#### [Records to process]
----------
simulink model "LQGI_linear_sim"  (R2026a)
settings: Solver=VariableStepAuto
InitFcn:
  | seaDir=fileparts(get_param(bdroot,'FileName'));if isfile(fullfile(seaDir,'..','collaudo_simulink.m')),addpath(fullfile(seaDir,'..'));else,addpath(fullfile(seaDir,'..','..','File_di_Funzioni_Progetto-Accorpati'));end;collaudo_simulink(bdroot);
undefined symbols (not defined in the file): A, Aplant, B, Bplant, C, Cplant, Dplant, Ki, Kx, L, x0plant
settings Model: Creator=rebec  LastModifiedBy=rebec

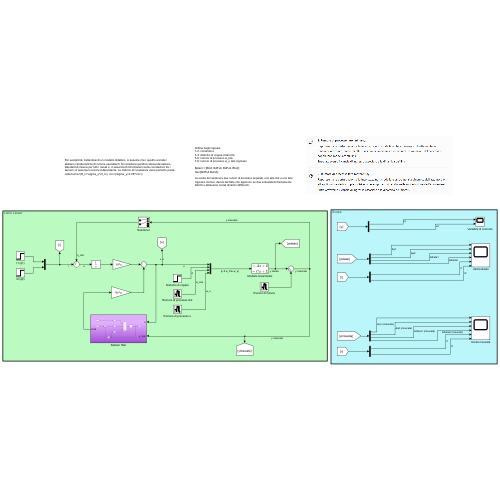
[thumbnail: Simulink's stored preview of the top-level diagram]
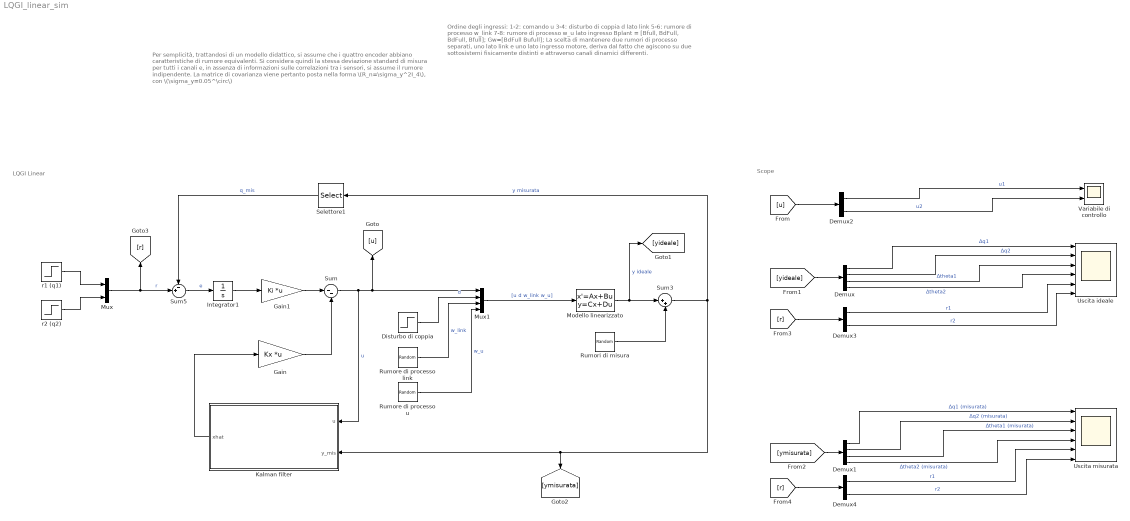
== system LQGI_linear_sim ==
  note: Scope
  note: LQGI Linear
  note: Ordine degli ingressi:
      | 1-2: comando u
      | 3-4: disturbo di coppia d lato link
      | 5-6: rumore di processo w_link
      | 7-8: rumore di processo w_u lato ingresso
      |
      | Bplant = [Bfull, BdFull, BdFull, Bfull];
      | Gw​=[BdFull ​​Bufull​​];
      |
      | La scelta di mantenere due rumori di processo separati, uno lato link e uno lato ingresso motore, deriva dal fatto che agiscono su due sottosistemi fisicamente distinti e attraverso canali dinamici differenti.
  note: Per semplicità, trattandosi di un modello didattico, si assume che i quattro encoder abbiano caratteristiche di rumore equivalenti. Si considera quindi la stessa deviazione standard di misura per tutti i canali e, in assenza di informazioni sulle correlazioni tra i sensori, si assume il rumore indipendente. La matrice di covarianza viene pertanto posta nella forma \(R_n=\sigma_y^2I_4\), con \(\sigma_y=0.05^\circ\)
  Demux : Demux
  Demux1 : Demux
  Demux2 : Demux  Outputs=2
  Demux3 : Demux  Outputs=2
  Demux4 : Demux  Outputs=2
  Disturbo di coppia : Step  Time=[1 1]  InitialValue=[0 0]  FinalValue=[0.5 0]  SampleTime=0
  Gain : Gain  Gain=Kx  Multiplication=Matrix(K*u)
  Gain1 : Gain  Gain=Ki  Multiplication=Matrix(K*u)
  Integrator1 : Integrator
  Kalman filter : Subsystem
  Modello linearizzato : StateSpace  A=Aplant  B=Bplant  C=Cplant  D=Dplant  InitialCondition=x0plant
  Mux : Mux  Inputs=2
  Mux1 : Mux
  Rumore di processo link : RandomNumber  Mean=[0 0]  Variance=[0.01 0.01]  Seed=20260826  SampleTime=0.002
  Rumore di processo u : RandomNumber  Mean=[0 0]  Variance=[0.01 0.01]  Seed=20260826  SampleTime=0.002
  Rumori di misura : RandomNumber  Mean=[0 0 0 0]  Variance=[(0.05*pi/180)^2 (0.05*pi/180)^2 (0.05*pi/180)^2 (0.05*pi/180)^2]  Seed=20260826  SampleTime=0.002
  Selettore1 : Selector  InputPortWidth=4  IndexOptions=Index vector (dialog)  Indices=[1 2]  OutputSizes=1
  Sum : Sum  Inputs=|--
  Sum3 : Sum  Inputs=|++
  Sum5 : Sum  Inputs=-+|
  Uscita ideale : Scope  NumInputPorts=6
      settings: Title=Uscita ideale (LQGI-LIN)  ActiveDisplayYMinimum=-0.32188176451902928  ActiveDisplayYMaximum=0.32726195729465524  YLabel=y (rad)
  Uscita misurata : Scope  NumInputPorts=6
      settings: Title=Uscita misurata (LQGI-LIN)  ActiveDisplayYMinimum=-0.16039480151238891  ActiveDisplayYMaximum=0.22319202869793112  YLabel=y_m_i_s (rad)
  Variabile di controllo : Scope  NumInputPorts=2
      settings: Title=Variabili di controllo (LQGI-LIN)  ActiveDisplayYMinimum=-2.3847906358782209  ActiveDisplayYMaximum=5.4173699379133788  YLabel=u (Nm)  DataLoggingVariableName=ScopeData2
  r1 (q1) : Step  FinalValue=5*pi/180  SampleTime=0
  r2 (q2) : Step  FinalValue=0  SampleTime=0
  wires:
  Gain1/1 -> Sum/1
  Demux/1 -> Uscita ideale/1  "Δq1"
  [r] -> Demux4/1
  Demux/2 -> Uscita ideale/2  "Δq2"
  Mux/1 -> [r], Sum5/2  "r"
  [u] -> Demux2/1
  [yideale] -> Demux/1
  Demux1/3 -> Uscita misurata/3  "Δtheta1 (misurata)"
  Sum3/1 -> Selettore1/1, Kalman filter/2(y_mis), [ymisurata]  "y misurata"
  Demux4/2 -> Uscita misurata/6  "r2"
  Demux4/1 -> Uscita misurata/5  "r1"
  Sum/1 -> Kalman filter/1(u), [u], Mux1/1  "u"
  Demux2/1 -> Variabile di controllo/1  "u1"
  [ymisurata] -> Demux1/1
  Demux/3 -> Uscita ideale/3  "Δtheta1"
  Integrator1/1 -> Gain1/1
  r2 (q2)/1 -> Mux/2
  Gain/1 -> Sum/2
  Demux/4 -> Uscita ideale/4  "Δtheta2"
  Selettore1/1 -> Sum5/1  "q_mis"
  Demux1/2 -> Uscita misurata/2  "Δq2 (misurata)"
  Demux2/2 -> Variabile di controllo/2  "u2"
  Demux3/1 -> Uscita ideale/5  "r1"
  Demux1/1 -> Uscita misurata/1  "Δq1 (misurata)"
  Sum5/1 -> Integrator1/1  "e"
  r1 (q1)/1 -> Mux/1
  Demux3/2 -> Uscita ideale/6  "r2"
  [r] -> Demux3/1
  Demux1/4 -> Uscita misurata/4  "Δtheta2 (misurata)"
  Kalman filter/1(xhat) -> Gain/1
  Modello linearizzato/1 -> [yideale], Sum3/1  "y ideale"
  Mux1/1 -> Modello linearizzato/1  "[u d w_link w_u]"
  Rumori di misura/1 -> Sum3/2
  Disturbo di coppia/1 -> Mux1/2  "d"
  Rumore di processo link/1 -> Mux1/3  "w_link"
  Rumore di processo u/1 -> Mux1/4  "w_u"

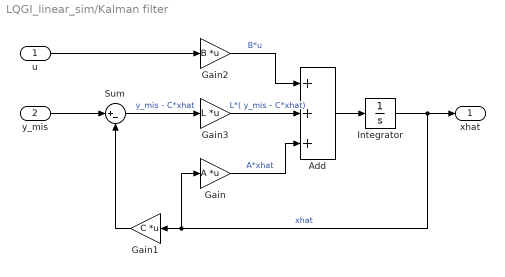
== system LQGI_linear_sim/Kalman filter ==
  u : Inport
  y_mis : Inport  Port=2
  Add : Sum  Inputs=+++
  Gain : Gain  Gain=A  Multiplication=Matrix(K*u)
  Gain1 : Gain  Gain=C  Multiplication=Matrix(K*u)
  Gain2 : Gain  Gain=B  Multiplication=Matrix(K*u)
  Gain3 : Gain  Gain=L  Multiplication=Matrix(K*u)
  Integrator : Integrator
  Sum : Sum  Inputs=|+-
  xhat : Outport
  wires:
  u/1 -> Gain2/1
  y_mis/1 -> Sum/1
  Gain1/1 -> Sum/2
  Sum/1 -> Gain3/1  "y_mis - C*xhat"
  Gain3/1 -> Add/2  "L*( y_mis - C*xhat)"
  Gain2/1 -> Add/1  "B*u"
  Gain/1 -> Add/3  "A*xhat"
  Add/1 -> Integrator/1
  Integrator/1 -> Gain/1, Gain1/1, xhat/1  "xhat"
----------
#### [What you will do]
Out of the data above, give again only the lines starting at the one holding "Demux4 : Demux" and ending at the one holding "Kalman filter : Subsystem", unchanged.

#### [Your response]
  Demux4 : Demux  Outputs=2
  Disturbo di coppia : Step  Time=[1 1]  InitialValue=[0 0]  FinalValue=[0.5 0]  SampleTime=0
  Gain : Gain  Gain=Kx  Multiplication=Matrix(K*u)
  Gain1 : Gain  Gain=Ki  Multiplication=Matrix(K*u)
  Integrator1 : Integrator
  Kalman filter : Subsystem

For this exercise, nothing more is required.